Cleveland Clinic Lerner College of Medicine, Case Western Reserve University, Cleveland, OH, USA; Department of Orthopaedic Surgery, Orthopaedic and Rheumatologic Institute, Cleveland Clinic, Cleveland, OH, USA.
J Shoulder Elbow Surg. 2013 Oct;22(10):1413-22. doi: 10.1016/j.jse.2013.01.005. Epub 2013 Mar 6.
This study evaluates the intrarater and inter-rater reliability of 3-dimensional (3D) computed tomography (CT) measurements of component position and alignment after total shoulder arthroplasty (TSA).

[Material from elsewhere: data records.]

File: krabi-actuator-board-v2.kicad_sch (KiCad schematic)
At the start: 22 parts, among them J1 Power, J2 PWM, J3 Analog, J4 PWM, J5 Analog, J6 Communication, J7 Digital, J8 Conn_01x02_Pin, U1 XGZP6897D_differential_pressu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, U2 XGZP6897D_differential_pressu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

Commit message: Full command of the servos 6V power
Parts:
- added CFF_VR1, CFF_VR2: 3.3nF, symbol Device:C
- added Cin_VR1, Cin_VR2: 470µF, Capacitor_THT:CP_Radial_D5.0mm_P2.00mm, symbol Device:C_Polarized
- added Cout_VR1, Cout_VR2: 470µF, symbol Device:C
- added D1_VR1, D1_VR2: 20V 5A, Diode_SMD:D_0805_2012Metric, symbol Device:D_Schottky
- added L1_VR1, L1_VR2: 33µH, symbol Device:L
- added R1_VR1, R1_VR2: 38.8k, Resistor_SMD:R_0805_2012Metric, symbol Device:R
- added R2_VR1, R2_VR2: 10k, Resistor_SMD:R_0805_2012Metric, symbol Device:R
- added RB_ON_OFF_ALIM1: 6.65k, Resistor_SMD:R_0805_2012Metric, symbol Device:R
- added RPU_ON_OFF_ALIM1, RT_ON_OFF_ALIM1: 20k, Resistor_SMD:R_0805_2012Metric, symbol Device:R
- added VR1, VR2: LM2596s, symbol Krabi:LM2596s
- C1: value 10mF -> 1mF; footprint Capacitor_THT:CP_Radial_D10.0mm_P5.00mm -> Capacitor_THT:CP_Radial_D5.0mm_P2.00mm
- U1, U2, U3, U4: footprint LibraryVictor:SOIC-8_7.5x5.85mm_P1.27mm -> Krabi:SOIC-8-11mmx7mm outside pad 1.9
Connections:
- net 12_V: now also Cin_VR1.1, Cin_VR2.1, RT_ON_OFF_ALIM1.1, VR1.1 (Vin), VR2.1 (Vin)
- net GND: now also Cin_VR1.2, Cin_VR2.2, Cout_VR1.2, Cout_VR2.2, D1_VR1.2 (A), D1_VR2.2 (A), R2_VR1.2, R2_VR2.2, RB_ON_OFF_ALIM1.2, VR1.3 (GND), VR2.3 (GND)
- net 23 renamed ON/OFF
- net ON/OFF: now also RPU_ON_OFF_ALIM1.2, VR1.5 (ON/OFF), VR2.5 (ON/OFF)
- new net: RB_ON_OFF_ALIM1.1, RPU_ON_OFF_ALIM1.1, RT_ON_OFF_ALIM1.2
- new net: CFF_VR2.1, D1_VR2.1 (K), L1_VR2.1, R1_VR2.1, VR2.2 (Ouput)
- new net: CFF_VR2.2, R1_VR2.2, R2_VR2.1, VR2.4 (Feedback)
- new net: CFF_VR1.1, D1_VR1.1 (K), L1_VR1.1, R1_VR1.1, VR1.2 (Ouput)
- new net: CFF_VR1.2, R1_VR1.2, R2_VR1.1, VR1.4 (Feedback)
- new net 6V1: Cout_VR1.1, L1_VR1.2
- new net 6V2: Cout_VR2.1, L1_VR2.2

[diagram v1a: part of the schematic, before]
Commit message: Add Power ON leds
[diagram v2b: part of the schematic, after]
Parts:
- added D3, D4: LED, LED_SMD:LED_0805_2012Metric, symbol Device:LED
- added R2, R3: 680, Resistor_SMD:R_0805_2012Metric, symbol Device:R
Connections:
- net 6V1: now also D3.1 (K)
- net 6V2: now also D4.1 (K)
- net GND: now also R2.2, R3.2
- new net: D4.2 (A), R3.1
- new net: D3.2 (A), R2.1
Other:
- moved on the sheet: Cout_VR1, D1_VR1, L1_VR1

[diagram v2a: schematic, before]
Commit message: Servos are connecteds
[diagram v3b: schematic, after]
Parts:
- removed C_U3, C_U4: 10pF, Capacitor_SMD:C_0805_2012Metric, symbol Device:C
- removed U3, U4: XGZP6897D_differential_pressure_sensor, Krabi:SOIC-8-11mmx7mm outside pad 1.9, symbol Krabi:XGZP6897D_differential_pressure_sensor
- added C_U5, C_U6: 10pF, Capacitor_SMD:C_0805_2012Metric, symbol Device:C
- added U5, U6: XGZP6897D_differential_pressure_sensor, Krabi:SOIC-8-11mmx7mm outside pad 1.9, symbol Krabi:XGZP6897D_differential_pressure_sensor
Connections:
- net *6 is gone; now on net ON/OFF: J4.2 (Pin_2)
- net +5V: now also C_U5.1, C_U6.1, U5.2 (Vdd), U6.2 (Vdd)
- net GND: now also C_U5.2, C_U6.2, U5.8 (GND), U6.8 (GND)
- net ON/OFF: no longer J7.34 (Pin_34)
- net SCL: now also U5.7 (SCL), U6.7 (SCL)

Two patients and one whole-body cadaver with anatomic TSA implants underwent CT scans of the shoulder with a 0.6-mm slice thickness in two different arm positions (supine arm down or lateral decubitus arm up) on the same day. Test-retest reliability of component measurements within and between 5 observers was determined, as were any differences in measurements based on arm position. Precision and 95% confidence intervals were determined for the following measurements: glenoid component position (anterior-posterior, superior-inferior, and medial-lateral), glenoid component orientation (version, inclination, and roll), and humeral-glenoid alignment (HGA). HGA was defined in the anterior-posterior and superior-inferior dimensions.
The range of precision for measurement of the position of the glenoid implant across observers was between 0.2 and 0.5 mm, and for orientation, it was between 1.2° and 1.5°. The range of precision for measurement of HGA across observers was between 0.7 and 1.2 mm. There was no significant difference in the precision of measurements between the two imaged arm positions.
The described method of 3-dimensional CT imaging can provide very precise and reproducible assessment of component position after TSA. Ultimately, correlation of these measurements with clinical outcome, anatomic factors, prosthetic design, and surgical factors will allow for better understanding of the causes of implant failure.
本研究评估了全肩关节置换(TSA)后三维(3D)计算机断层扫描(CT)测量关节盂组件位置和对线的组内和组间可靠性。
两名患者和一具全身解剖 TSA 植入物尸体在同一天接受了肩部 CT 扫描,使用 0.6 毫米切片厚度,手臂处于两种不同位置(仰卧位手臂放下或侧卧位手臂抬起)。在 5 名观察者内部和之间确定了组件测量的测试-再测试可靠性,以及基于手臂位置的任何测量差异。确定了以下测量的精度和 95%置信区间:关节盂组件位置(前后、上下和内外)、关节盂组件方向(位置、倾斜和滚动)以及肱骨头-关节盂对齐(HGA)。HGA 在前后和上下维度上定义。
观察者之间关节盂植入物位置测量的精度范围为 0.2 至 0.5 毫米,而方向的精度范围为 1.2°至 1.5°。观察者之间 HGA 测量的精度范围为 0.7 至 1.2 毫米。两种成像手臂位置之间的测量精度没有显著差异。
所描述的 3D CT 成像方法可以非常精确和可重复地评估 TSA 后关节盂组件的位置。最终,这些测量结果与临床结果、解剖因素、假体设计和手术因素的相关性将有助于更好地理解植入物失败的原因。